In addition to the University, campus, and college requirements, listed on the College Requirements tab, students must fulfill the below requirements specific to their major program.

Repeat Rule

Students who earn a grade of F, D-, D, D+ or NP may repeat the course only once. Regardless of the grade the student receives for their second attempt (including F, D-, D or D+), the student may not repeat the course a third time.

General Guidelines

  1. No more than three upper division courses taken outside of the College of Letters & Science, including courses taken at other universities, EAP, study abroad and other colleges on the UC Berkeley campus, may count towards major requirements.
  2. No more than four upper division courses may be taken from the same department.
  3. Courses cannot be double-counted within the major (for example, students may not use one course to fulfill both a history requirement and an electives requirement).
  4. All courses in the major must be taken for a letter grade. The one exception is foreign language: only the fourth semester level class must be taken for a letter grade. The first, second, and third semester language classes may be taken Pass/Not Pass. 
  5. No more than one upper division course may be used to simultaneously fulfill requirements for a student's major and minor programs, with the exception of minors offered outside of the College of Letters & Science.
  6. A minimum grade point average (GPA) of 2.0 must be maintained in both upper and lower division courses used to fulfill the major requirements.
  7. Online courses are not accepted in the major.

For information regarding residence requirements and unit requirements, please see the College Requirements tab.

Summary of Major Requirements

Lower Division Requirements: Two courses
Primary Language Requirement, Spanish or Portuguese: Intermediate level of proficiency
Secondary Language Requirement, Spanish or Portuguese: Optional
Upper Division Requirements: Nine courses, minimum of 30 units

Lower Division Requirements

LATAMST 10Introduction to Latin American Studies 14
HISTORY 8ALatin American History: Becoming Latin America, 1492 to 18244
or HISTORY 8B Latin American History: Modern Latin America

This course can only be repeated once.

Primary Language Requirement1

LAS majors must demonstrate an intermediate level of proficiency in either Spanish or Portuguese equivalent to four college-level semesters.  Language courses taken in high school do not satisfy this requirement. See below for details on how to fulfill the foreign language requirement. For information regarding satisfying this requirement through other means than the courses below (AP credit, Native speakers), please see the program's website.

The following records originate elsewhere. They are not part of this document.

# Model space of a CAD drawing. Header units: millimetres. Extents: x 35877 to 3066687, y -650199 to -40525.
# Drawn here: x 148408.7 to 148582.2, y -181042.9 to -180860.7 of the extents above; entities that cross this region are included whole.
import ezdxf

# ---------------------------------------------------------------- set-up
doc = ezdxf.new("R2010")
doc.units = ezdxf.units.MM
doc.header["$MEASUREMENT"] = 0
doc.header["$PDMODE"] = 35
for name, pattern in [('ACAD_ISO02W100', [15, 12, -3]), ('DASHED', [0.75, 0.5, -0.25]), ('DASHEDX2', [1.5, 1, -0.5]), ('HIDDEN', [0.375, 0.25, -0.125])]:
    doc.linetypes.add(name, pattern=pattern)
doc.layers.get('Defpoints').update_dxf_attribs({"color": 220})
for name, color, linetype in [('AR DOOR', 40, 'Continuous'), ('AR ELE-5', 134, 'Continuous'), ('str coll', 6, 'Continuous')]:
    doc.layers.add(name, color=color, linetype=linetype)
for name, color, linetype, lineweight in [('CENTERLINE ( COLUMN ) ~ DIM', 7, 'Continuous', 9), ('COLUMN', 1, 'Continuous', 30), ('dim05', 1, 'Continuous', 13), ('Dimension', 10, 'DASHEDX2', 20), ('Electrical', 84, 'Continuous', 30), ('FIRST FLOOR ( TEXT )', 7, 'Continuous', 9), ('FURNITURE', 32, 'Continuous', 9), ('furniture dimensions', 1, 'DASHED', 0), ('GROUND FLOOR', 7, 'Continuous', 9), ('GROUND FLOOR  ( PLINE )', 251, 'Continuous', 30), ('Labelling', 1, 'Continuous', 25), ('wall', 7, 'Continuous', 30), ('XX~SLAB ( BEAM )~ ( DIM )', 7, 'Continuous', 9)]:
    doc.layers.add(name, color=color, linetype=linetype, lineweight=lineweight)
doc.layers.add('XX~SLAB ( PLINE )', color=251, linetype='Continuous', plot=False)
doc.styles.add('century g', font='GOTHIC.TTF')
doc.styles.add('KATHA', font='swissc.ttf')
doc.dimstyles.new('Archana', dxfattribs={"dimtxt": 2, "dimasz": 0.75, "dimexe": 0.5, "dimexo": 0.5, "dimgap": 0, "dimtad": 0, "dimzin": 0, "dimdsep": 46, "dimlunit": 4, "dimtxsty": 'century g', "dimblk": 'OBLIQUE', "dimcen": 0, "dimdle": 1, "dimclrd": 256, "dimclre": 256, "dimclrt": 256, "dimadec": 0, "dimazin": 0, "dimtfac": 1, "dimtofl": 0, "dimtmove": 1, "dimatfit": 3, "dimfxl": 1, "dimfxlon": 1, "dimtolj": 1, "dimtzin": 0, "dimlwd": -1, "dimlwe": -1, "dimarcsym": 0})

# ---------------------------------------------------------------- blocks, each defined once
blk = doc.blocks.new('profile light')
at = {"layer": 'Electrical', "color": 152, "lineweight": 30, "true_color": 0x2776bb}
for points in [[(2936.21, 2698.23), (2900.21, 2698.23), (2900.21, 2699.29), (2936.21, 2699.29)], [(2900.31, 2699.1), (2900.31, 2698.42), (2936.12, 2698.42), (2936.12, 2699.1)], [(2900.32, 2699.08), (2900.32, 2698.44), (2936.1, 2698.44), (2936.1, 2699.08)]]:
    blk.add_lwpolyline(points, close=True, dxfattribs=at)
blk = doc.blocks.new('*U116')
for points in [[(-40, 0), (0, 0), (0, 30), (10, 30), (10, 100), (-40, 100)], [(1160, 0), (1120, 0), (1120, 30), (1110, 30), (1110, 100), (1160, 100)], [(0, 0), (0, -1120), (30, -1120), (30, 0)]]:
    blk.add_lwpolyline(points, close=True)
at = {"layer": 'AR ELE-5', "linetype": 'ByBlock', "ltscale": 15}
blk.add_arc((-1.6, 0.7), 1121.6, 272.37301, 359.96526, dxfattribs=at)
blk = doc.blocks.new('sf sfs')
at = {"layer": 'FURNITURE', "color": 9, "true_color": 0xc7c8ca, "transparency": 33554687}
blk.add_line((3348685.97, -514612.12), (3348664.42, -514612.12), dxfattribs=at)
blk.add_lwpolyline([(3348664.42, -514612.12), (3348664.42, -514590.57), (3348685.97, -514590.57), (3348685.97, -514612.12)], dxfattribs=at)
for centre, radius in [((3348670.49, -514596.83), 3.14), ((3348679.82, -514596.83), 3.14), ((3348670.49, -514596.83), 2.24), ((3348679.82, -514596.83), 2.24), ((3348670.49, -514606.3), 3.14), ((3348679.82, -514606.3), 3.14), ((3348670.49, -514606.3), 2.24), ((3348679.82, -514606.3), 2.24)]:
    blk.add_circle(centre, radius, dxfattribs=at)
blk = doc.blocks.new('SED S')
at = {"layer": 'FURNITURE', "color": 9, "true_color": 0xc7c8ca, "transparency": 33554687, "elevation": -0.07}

Select either the Spanish or Portuguese sequence below, or their equivalent:
Elementary Spanish [5]
Elementary Spanish [5]
Intermediate Spanish [5]
Intermediate Spanish [5]
Course Not Available
Course Not Available
Readings in Portuguese [4]
Advanced Grammar and Composition [4]

Secondary Language (Optional)

LAS major are encouraged to pursue a second language, either Spanish or Portuguese. 

Complete one of the following sequences, or their equivalent
Course Not Available
and Course Not Available
Elementary Spanish
and Elementary Spanish
Course Not Available
Spanish for Bilingual Students, First Course

The primary and secondary foreign language requirements may be taken Pass/No Pass, except for the final semester of each sequence; the final semester must be taken for a letter grade.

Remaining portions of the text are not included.